My main conclusions from these research experiments are surprising and if eventually accepted by archaeologists will mean a total rethink of Neolithic life 4000 years ago. No longer will it be thought necessary for Neolithic man to have gathered an army of workers to transport the sarsen stones to Stonehenge, my experiments prove that even the largest of the uprights could have been transported by as few as 60 men and that these few men could have completed the movement of each of these uprights in less than 6 weeks.

No longer will it be thought necessary for great earth banks to be constructed in order to erect these stones, my experiments prove that by utilising the known profiles of the stone holes at Stonehenge as few as 40 men using simple wooden levers could have erected each of these stones in no more that 3 days.

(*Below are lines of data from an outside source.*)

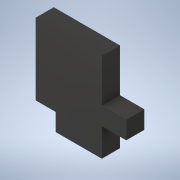
# Autodesk Inventor part: Remote Batery Spacer
Saved by Autodesk Inventor 2020 (Build 240168000, 168)
## iProperties
Created: 2019-06-21
Part Number: Remote Batery Spacer
Material: Generic
Document SubType Name: Modeling
Designer: LSabe
Density: 1 g/cm^3
Appearance: Default
Author: LSabe
Autodesk Inventor part; units mm, degrees
ref_plane "YZ Plane" through (0, 0, 0) normal (1, 0, 0) x (0, 1, 0)
ref_plane "XZ Plane" through (0, 0, 0) normal (0, 1, 0) x (-1, 0, 0)
sketch "Sketch1" plane through (0, 0, 0) normal (0, 0, 1) x (1, 0, 0)
  line L0 (11.176, -4.445) -> (1.27, -4.445)
  line L1 (-5.4348, 0) -> (-5.4348, -19.4068)
  line L2 (12.446, 0) -> (12.446, -11.684)
  line L3 (19.05, -11.684) -> (19.05, -16.51)
  line L4 (19.05, -16.51) -> (12.446, -16.51)
  line L5 (-4.1648, -1.27) -> (0, -1.27)
  line L6 (-4.1648, -18.1368) -> (-4.1648, -1.27)
  line L7 (0, -4.445) -> (0, -1.27)
  line L8 (1.27, -5.715) -> (11.176, -5.715)
  line L9 (11.176, -22.86) -> (1.27, -22.86)
  line L10 (1.27, -18.1368) -> (11.176, -18.1368)
  line L11 (12.446, -15.24) -> (17.78, -15.24)
  line L12 (17.78, -15.24) -> (17.78, -12.954)
  line L13 (17.78, -12.954) -> (12.446, -12.954)
  line L14 (11.176, -5.715) -> (11.176, -18.1368)
  line L15 (12.446, -15.24) -> (12.446, -12.954)
  line L16 (12.446, -15.24) -> (13.462, -15.24) construction
  line L17 (11.176, -4.445) -> (11.176, -1.27)
  line L18 (1.27, -4.445) -> (1.27, -1.27)
  line L19 (0, -18.1368) -> (0, -1.27)
  line L20 (1.27, -1.27) -> (11.176, -1.27)
  line L21 (1.27, -18.1368) -> (1.27, -5.715)
  line L22 (11.176, -22.86) -> (11.176, -19.4068)
  line L23 (1.27, -22.86) -> (1.27, -19.4068)
  line L24 (1.27, -22.86) -> (3.1836, -22.86) construction
  line L25 (12.446, 0) -> (-5.4348, 0)
  line L26 (12.446, -16.51) -> (12.446, -24.13)
  line L27 (0, -18.1368) -> (-4.1648, -18.1368)
  line L28 (12.446, -11.684) -> (19.05, -11.684)
  line L29 (12.446, -24.13) -> (0, -24.13)
  line L30 (0, -24.13) -> (0, -19.4068)
  line L31 (0, -19.4068) -> (-5.4348, -19.4068)
  line L32 (1.27, -19.4068) -> (11.176, -19.4068)
  point P0 (0, 0)
  point P1 (0, -10.414)
  point P2 (-4.1648, -10.414)
  constraints: 66 end point, 7 horizontal, 3 perpendicular, 3 vertical, 2 point on line, 1 parallel
extrude "Extrusion1" add sketch "Sketch1" along normal blind 3.8354
sketch "Sketch3" plane through (0, 0, 3.8354) normal (0, 0, 1) x (1, 0, 0)
  line L0 (19.05, -16.51) -> (19.05, -11.684)
  line L1 (19.05, -11.684) -> (12.446, -11.684)
  line L2 (12.446, -11.684) -> (12.446, 0)
  line L3 (12.446, 0) -> (-5.4348, 0)
  line L4 (-5.4348, 0) -> (-5.4348, -19.4068)
  line L5 (-5.4348, -19.4068) -> (0, -19.4068)
  line L6 (0, -19.4068) -> (0, -24.13)
  line L7 (0, -24.13) -> (12.446, -24.13)
  line L8 (12.446, -24.13) -> (12.446, -16.51)
  line L9 (12.446, -16.51) -> (19.05, -16.51)
  constraints: 20 end point
extrude "Extrusion3" add sketch "Sketch3" along normal blind 1.016
ref_plane "Work Plane1" through (6.223, -18.1368, 0) normal (-1, 0, 0) x (0, 0, 1)
body "Solid1"
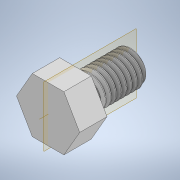
# Autodesk Inventor part: exBolt0_3-V01
Saved by Autodesk Inventor 2021.1 (Build 251245010, 245A)
## iProperties
Created: 2020-10-15
Part Number: exBolt0_3-V01
Material: Generic
Document SubType Name: Modeling
Designer: robst
Density: 1 g/cm^3
Appearance: Default
Author: robst
Autodesk Inventor part; units mm, degrees
ref_plane "XZ Plane" through (0, 0, 0) normal (0, 1, 0) x (-1, 0, 0)
ref_plane "XY Plane" through (0, 0, 0) normal (0, 0, 1) x (1, 0, 0)
sketch "Sketch1" plane through (0, 0, 0) normal (0, 0, 1) x (1, 0, 0)
  line L0 (-3.6662, 6.35) -> (3.6662, 6.35)
  line L1 (3.6662, 6.35) -> (7.3323, 0)
  line L2 (7.3323, 0) -> (3.6662, -6.35)
  line L3 (3.6662, -6.35) -> (-3.6662, -6.35)
  line L4 (-3.6662, -6.35) -> (-7.3323, 0)
  line L5 (-7.3323, 0) -> (-3.6662, 6.35)
  point P0 (0, 0)
  point P1 (0, 0)
  dimension "d0" = 12.7
  constraints: 12 end point, 1 coincident, 1 horizontal, 13 other
  measures "d0" distance between parallel lines of L3 L0
extrude "Extrusion1" add sketch "Sketch1" along normal blind 6.35
sketch "Sketch2" plane through (0, 0, 0) normal (0, 0, -1) x (-1, 0, 0)
  circle A0 centre (0, 0) radius 3.81
  dimension "d3" = 7.62
  constraints: 1 centre point, 1 coincident
  measures "d3" diameter of A0
extrude "Extrusion2" add sketch "Sketch2" along normal blind 12.7
sketch "Sketch4" plane through (0, 0, 0) normal (1, 0, 0) x (0, 1, 0)
  line L0 (3.81, 0) -> (3.81, -12.7) projected
  line L1 (-3.81, -12.7) -> (3.81, -12.7) projected
  line L2 (3.81, -13.9095) -> (3.81, -14.9229)
  line L3 (3.81, -14.9229) -> (3.1191, -14.524)
  line L4 (3.1191, -14.3084) -> (3.81, -13.9095)
  arc A0 (3.1191, -14.3084) -> (3.1191, -14.524) centre (3.1814, -14.4162) ccw
  line L5 (0, 0) -> (0, 6.35) construction
  line L6 (0, 0) -> (0, -12.7) construction
  dimension "d6" = 60
  dimension "d7" = 0.1245
  dimension "d8" = 1.2095
  dimension "d9" = 3.0569
  dimension "d10" = 3.81
  constraints: 8 end point, 2 point on circle, 2 tangent, 1 centre point, 1 collinear, 1 equal length, 1 midpoint, 1 vertical
  measures "d6" angle of L3 L4
  measures "d7" radius of A0
  measures "d8" distance of L2.start L0.end
  measures "d9" distance edge to line of A0 L6
  measures "d10" distance between parallel lines of L2 L6
coil "Coil1" sketch "Sketch4" operation cut axis through (0, 0, -10) along (0, 0, 1) pitch 1.2095 turns 12.25 hand right
equation "\"d3\" = a1Major"
equation "\"d7\" = a1RootRadius"
equation "\"d8\" = pitch"
equation "\"d9\" = a1MinorRadius"
equation "\"d11\" = pitch"
equation "\"a1Major\" = 7.62"
equation "\"a1Minor\" = 6.11378"
equation "\"a1RootRadius\" = 0.12446"
equation "\"a1MinorRadius\" = 0.5 * a1Minor"
equation "\"pitch\" = 1.209524"
body "Solid1"

And my experiments prove that far from being the most difficult task at Stonehenge elevating the lintel stones is the easiest task of all, a task that can be completed by as few as 20 men in less than 1 day for each stone.

In the 1960s Prof G S Hawkins estimated that Stonehenge in the form we see it now represented more than 1,136,000 man-days work and that was just for the transport and erection of the stones. After 10 years of practical research I believe that this figure can now be reduced by almost 1 million man-days to a more believable 196,000 man –days. This figure still shows a tremendous amount of work went into the building of Stonehenge and why it was built at all will perhaps always remain a complete mystery but I believe my research proves that it was not only possible but that it could have been done without blood sweat or tears.

Building Stonehenge A radical new Theory by Gordon Pipes is published by Birchwood Publishers Ltd and is available online at Amazon Books or from all good bookshops. ISBN 9780956280701

Well done on all your research and I look forward to reading the book. However, I have to say that, whilst I agree with the possibility of small teams of workers (there's a chap in the States who demonstrated a technique for moving massive blocks single handed and a number of people on this forum were involved in a successful experiment to 'row' stones using levers), you still need the enormous amount of man hours to dig the ditches and raise the banks. You can't lever out a million tons of soil and rubble.

It may well be that smaller groups were involved in construction but i think you're still left with the need for a larger community to create the site as a whole.